Prince Bandar was the number one enemy of the nexus that was controlled by Iran. Qatar controlled the character assassination campaigns, which is a role it has been playing for a long time targeting kings and princes.

Qatar has special capabilities in engaging in illegitimate wars. The Qataris carry it out through foreign media networks, which they bought with their dirty money.

The roles were coordinated between Damascus, southern Beirut, Doha and Tehran. The Hezbollah terrorists were getting help from their minions in the Arab region to spread lies and rumors through newspapers controlled by the group in Beirut. Qatar's role was to recycle these reports through its Al-Jazeera channel, which then were picked up by Western newspapers. They are playing the same game today.

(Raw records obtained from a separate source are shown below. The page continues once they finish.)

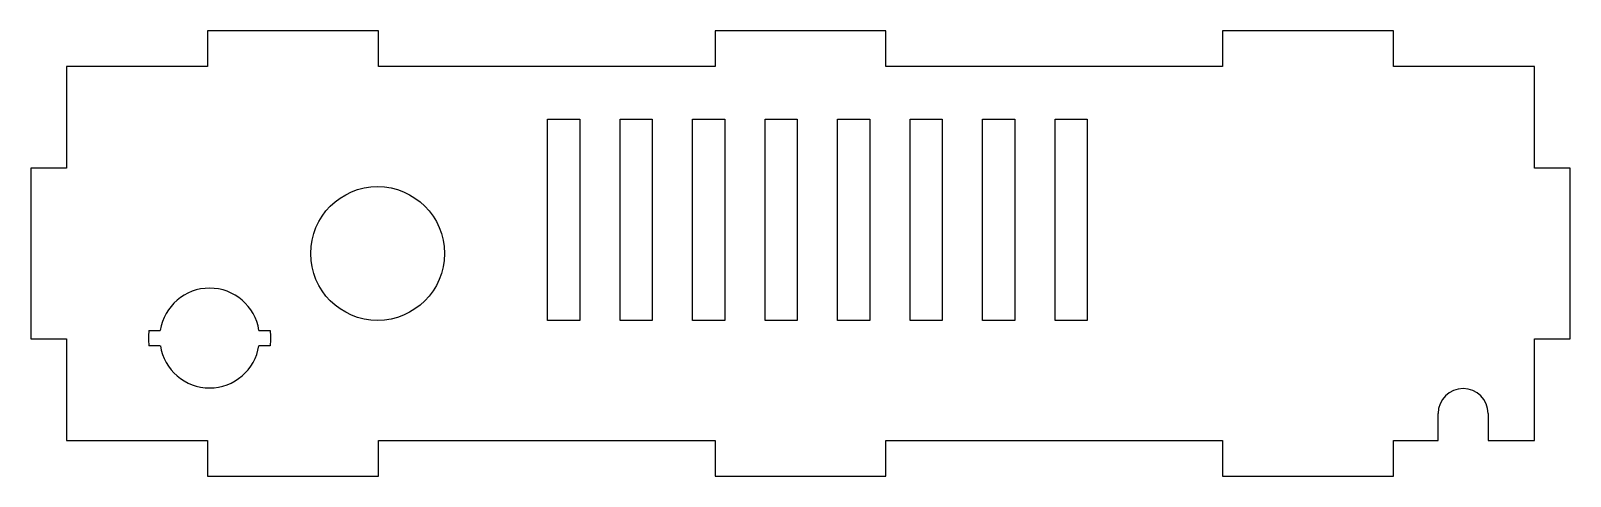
# Model space of a CAD drawing. Header units: millimetres. Extents: x -68 to 68, y -20 to 20.
import ezdxf

# ---------------------------------------------------------------- set-up
doc = ezdxf.new("R2010")
doc.units = ezdxf.units.MM
doc.layers.add('CUTOUTS', color=1, linetype='CONTINUOUS')
doc.layers.add('PERIMETER', color=5, linetype='CONTINUOUS')

msp = doc.modelspace()

# ---------------------------------------------------------------- linework, layer by layer
at = {"layer": 'CUTOUTS'}
for p, q in [((-22.42, -5.93), (-22.42, 11.92)), ((-22.42, 11.92), (-19.57, 11.92)), ((-19.57, 11.92), (-19.57, -5.93)), ((-16, -5.93), (-16, 11.92)), ((-16, 11.92), (-13.15, 11.92)), ((-13.15, 11.92), (-13.15, -5.93)), ((-9.57, -5.93), (-9.57, 11.92)), ((-9.57, 11.92), (-6.72, 11.92)), ((-6.72, 11.92), (-6.72, -5.93)), ((-3.14, -5.93), (-3.14, 11.92)), ((-3.14, 11.92), (-0.29, 11.92)), ((-0.29, 11.92), (-0.29, -5.93)), ((3.29, 11.92), (6.14, 11.92)), ((3.29, -5.93), (3.29, 11.92)), ((6.14, 11.92), (6.14, -5.93)), ((9.72, -5.93), (9.72, 11.92)), ((9.72, 11.92), (12.57, 11.92)), ((12.57, 11.92), (12.57, -5.93)), ((16.15, -5.93), (16.15, 11.92)), ((16.15, 11.92), (19, 11.92)), ((19, 11.92), (19, -5.93)), ((22.58, -5.93), (22.58, 11.92)), ((22.58, 11.92), (25.43, 11.92)), ((25.43, 11.92), (25.43, -5.93)), ((-19.57, -5.93), (-22.42, -5.93)), ((-13.15, -5.93), (-16, -5.93)), ((-6.72, -5.93), (-9.57, -5.93)), ((-0.29, -5.93), (-3.14, -5.93)), ((6.14, -5.93), (3.29, -5.93)), ((12.57, -5.93), (9.72, -5.93)), ((19, -5.93), (16.15, -5.93)), ((25.43, -5.93), (22.58, -5.93)), ((-57.78, -6.83), (-56.77, -6.83)), ((-56.77, -8.18), (-57.78, -8.18)), ((-48.02, -6.83), (-47.01, -6.83)), ((-47.01, -8.18), (-48.02, -8.18))]:
    msp.add_line(p, q, dxfattribs=at)
msp.add_circle((-37.5, 0), 5.93, dxfattribs=at)
for radius, start, end in [(4.43, 8.7743, 171.2257), (5.42, 172.8525, 187.1475), (4.42, 188.7743, 351.2257), (5.43, -7.1475, 7.1475)]:
    msp.add_arc((-52.39, -7.5), radius, start, end, dxfattribs=at)
at = {"layer": 'PERIMETER'}
for p, q in [((-37.43, 19.75), (-52.57, 19.75)), ((-52.57, 19.75), (-52.57, 16.58)), ((-37.43, 16.58), (-37.43, 19.75)), ((7.57, 19.75), (-7.58, 19.75)), ((-7.58, 19.75), (-7.58, 16.58)), ((7.57, 16.58), (7.57, 19.75)), ((52.57, 19.75), (37.43, 19.75)), ((37.43, 19.75), (37.43, 16.58)), ((52.57, 16.58), (52.57, 19.75)), ((-52.57, 16.58), (-65.08, 16.58)), ((-65.08, 16.58), (-65.08, 7.57)), ((-7.58, 16.58), (-37.43, 16.58)), ((37.43, 16.58), (7.57, 16.58)), ((65.08, 16.58), (52.57, 16.58)), ((65.08, 7.57), (65.08, 16.58)), ((-65.08, 7.57), (-68.25, 7.57)), ((-68.25, 7.57), (-68.25, -7.58)), ((68.25, 7.57), (65.08, 7.57)), ((68.25, -7.58), (68.25, 7.57)), ((-68.25, -7.58), (-65.08, -7.58)), ((-65.08, -7.58), (-65.08, -16.58)), ((65.08, -16.58), (65.08, -7.58)), ((65.08, -7.58), (68.25, -7.58)), ((56.53, -16.58), (56.53, -14.2)), ((60.98, -14.2), (60.98, -16.58)), ((-65.08, -16.58), (-52.57, -16.58)), ((-52.57, -16.58), (-52.57, -19.75)), ((-37.43, -19.75), (-37.43, -16.58)), ((-37.43, -16.58), (-7.58, -16.58)), ((-7.58, -16.58), (-7.58, -19.75)), ((7.57, -19.75), (7.57, -16.58)), ((7.57, -16.58), (37.43, -16.58)), ((37.43, -16.58), (37.43, -19.75)), ((52.57, -19.75), (52.57, -16.58)), ((52.57, -16.58), (56.53, -16.58)), ((60.98, -16.58), (65.08, -16.58)), ((-52.57, -19.75), (-37.43, -19.75)), ((-7.58, -19.75), (7.57, -19.75)), ((37.43, -19.75), (52.57, -19.75))]:
    msp.add_line(p, q, dxfattribs=at)
msp.add_arc((58.75, -14.2), 2.22, 0, 180, dxfattribs=at)

doc.saveas('drawing.dxf')

Prince Bandar, in line with media regulations prevailing in the West, assigned a legal office to file a libel lawsuit against the British newspaper. The newspaper did not expect such a move from the part of the prince. It thought he would not go beyond the threat of taking action and to engage in a legal battle with a newspaper of its size. Prince Bandar was confident of his innocence and knew very well who was behind fabricating this news and who bribed the newspaper to publish it. He insisted on following up the case himself until he won and forced the newspaper to apologize and pay financial compensation.

This was not the first time a Saudi prince won a case against a major Western newspaper. Prince Naif Bin Abdulaziz, then crown prince and interior minister, filed a lawsuit against another British newspaper, The Independent, after it published a fake document claiming that the prince had issued orders to security forces to crush demonstrations in the Kingdom. There were no demonstrations taking place anywhere in Saudi Arabia at that point.

Prince Naif won the case against the newspaper, and according to BBC, it apologized for publishing a column by Lebanon-based British writer Robert Fisk. It retracted the fake news that was attributed to Prince Naif. The newspaper was also forced to publish the apology and rebuttal in their print and online editions.

According to BBC, the lawyer of Prince Naif said the British writer and the newspaper acknowledged that the document was fake, apologized in court and agreed to retract the report. The newspaper was made to bear the court expenses and it paid Prince Naif a financial compensation, which the prince transferred to charity organizations.

The lawyer added that even celebrated journalists made mistakes but what was important was their willingness to apologize when the mistake was detected.

Today, Saudi Arabia and its leaders face the same old battle with the same enemies through the same mechanism of spreading fake news and rumors. I wish a lawsuit was filed against these dishonest people, who are bribed by Qatari money, and the same judicial tools were used to hold them accountable.